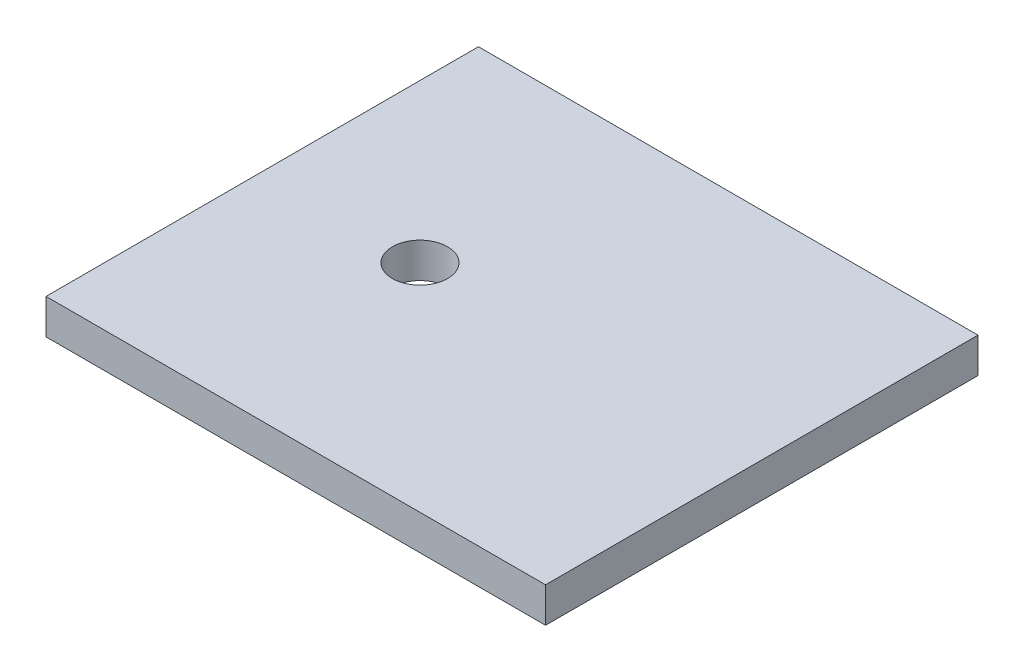
from build123d import *

# Parameters (mm, degrees)
SKETCH2_W           = 171.45
SKETCH2_H           = 235
SKETCH2_R           = 15
BOSS_EXTRUDE3_DEPTH = 19.05
SKETCH3_W           = 235
SKETCH3_H           = 19.05
BOSS_EXTRUDE4_DEPTH = 100


with BuildPart() as part:
    # Sketch2 → Boss-Extrude3 (new body)
    with BuildSketch(Plane(origin=(0, 0, 0), x_dir=(1, 0, 0), z_dir=(0, 1, 0))):
        Rectangle(SKETCH2_W, SKETCH2_H)
        with Locations(Location((0, 0, 0), (0, 0, 90))):
            Circle(SKETCH2_R, mode=Mode.SUBTRACT)
    extrude(amount=BOSS_EXTRUDE3_DEPTH)

    # Sketch3 → Boss-Extrude4 (add)
    with BuildSketch(Plane(origin=(85.725, 0, 0), x_dir=(0, 0, -1), z_dir=(1, 0, 0))):
        with Locations((0, 9.525)):
            Rectangle(SKETCH3_W, SKETCH3_H)
    extrude(amount=BOSS_EXTRUDE4_DEPTH)


solid = part.part
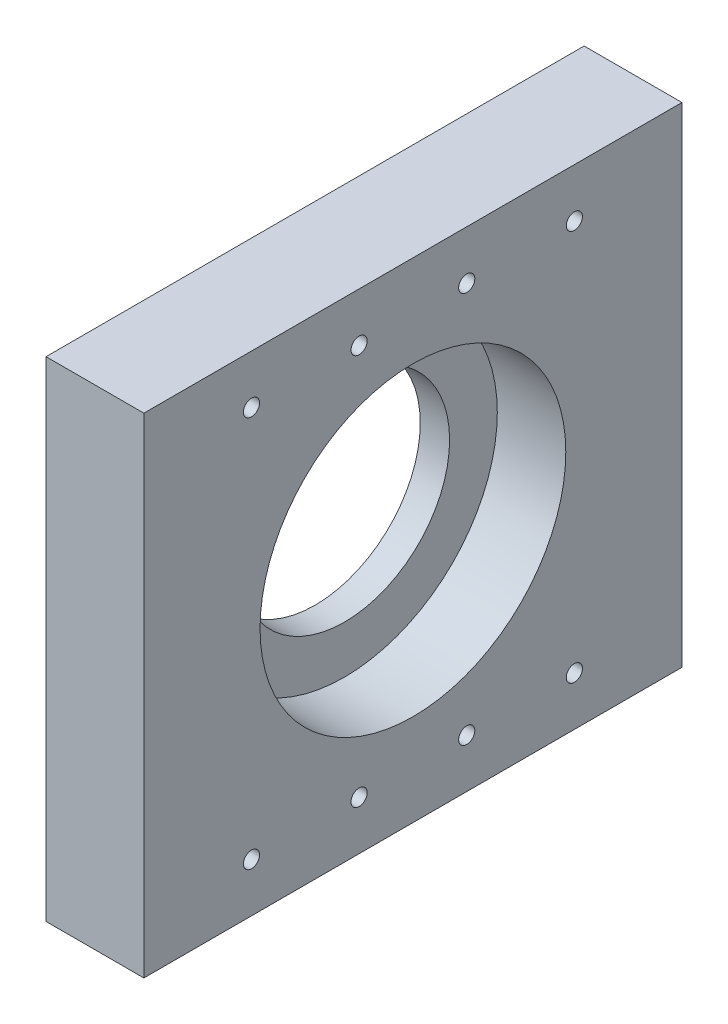
from build123d import *

# Parameters (mm, degrees)
SKETCH_1_W          = 110
SKETCH_1_H          = 100
EXTRUDE_1_DEPTH     = 20
SKETCH_2_R          = 31.25
CUT_EXTRUDE_1_DEPTH = 14
SKETCH_3_R          = 21.5
CUT_EXTRUDE_2_DEPTH = 14
SKETCH_4_R          = 1.65
CUT_EXTRUDE_3_DEPTH = 77.974021592


with BuildPart() as part:
    # 草图1 → 凸台-拉伸1 (new body)
    with BuildSketch(Plane(origin=(0, 0, 0), x_dir=(0, 0, -1), z_dir=(1, 0, 0))):
        Rectangle(SKETCH_1_W, SKETCH_1_H)
    extrude(amount=EXTRUDE_1_DEPTH)

    # 草图2 → 切除-拉伸1 (cut)
    with BuildSketch(Plane(origin=(20, 0, 0), x_dir=(0, 0, -1), z_dir=(1, 0, 0))):
        Circle(SKETCH_2_R)
    extrude(amount=-CUT_EXTRUDE_1_DEPTH, mode=Mode.SUBTRACT)

    # 草图3 → 切除-拉伸2 (cut)
    with BuildSketch(Plane(origin=(6, 0, 0), x_dir=(0, 0, -1), z_dir=(1, 0, 0))):
        Circle(SKETCH_3_R)
    extrude(amount=-CUT_EXTRUDE_2_DEPTH, mode=Mode.SUBTRACT)

    # 草图4 → 切除-拉伸3 (cut, through all)
    with BuildSketch(Plane(origin=(20, 0, 0), x_dir=(0, 0, -1), z_dir=(1, 0, 0))):
        with Locations((33, 40)):
            Circle(SKETCH_4_R)
        with Locations((11, 40)):
            Circle(SKETCH_4_R)
        with Locations((-11, 40)):
            Circle(SKETCH_4_R)
        with Locations((-33, 40)):
            Circle(SKETCH_4_R)
        with Locations(Location((-11, -40, 0), (0, 0, 180))):
            Circle(SKETCH_4_R)
        with Locations(Location((11, -40, 0), (0, 0, 180))):
            Circle(SKETCH_4_R)
        with Locations(Location((33, -40, 0), (0, 0, 180))):
            Circle(SKETCH_4_R)
        with Locations(Location((-33, -40, 0), (0, 0, 180))):
            Circle(SKETCH_4_R)
    extrude(amount=-CUT_EXTRUDE_3_DEPTH, mode=Mode.SUBTRACT)


solid = part.part

**ASSIGNED TASK:** Search the entries above for lines containing the word "body", and copy each one.

**TASK OUTPUT:**
    # Sketch2 → Boss-Extrude3 (new body)
    # 草图1 → 凸台-拉伸1 (new body)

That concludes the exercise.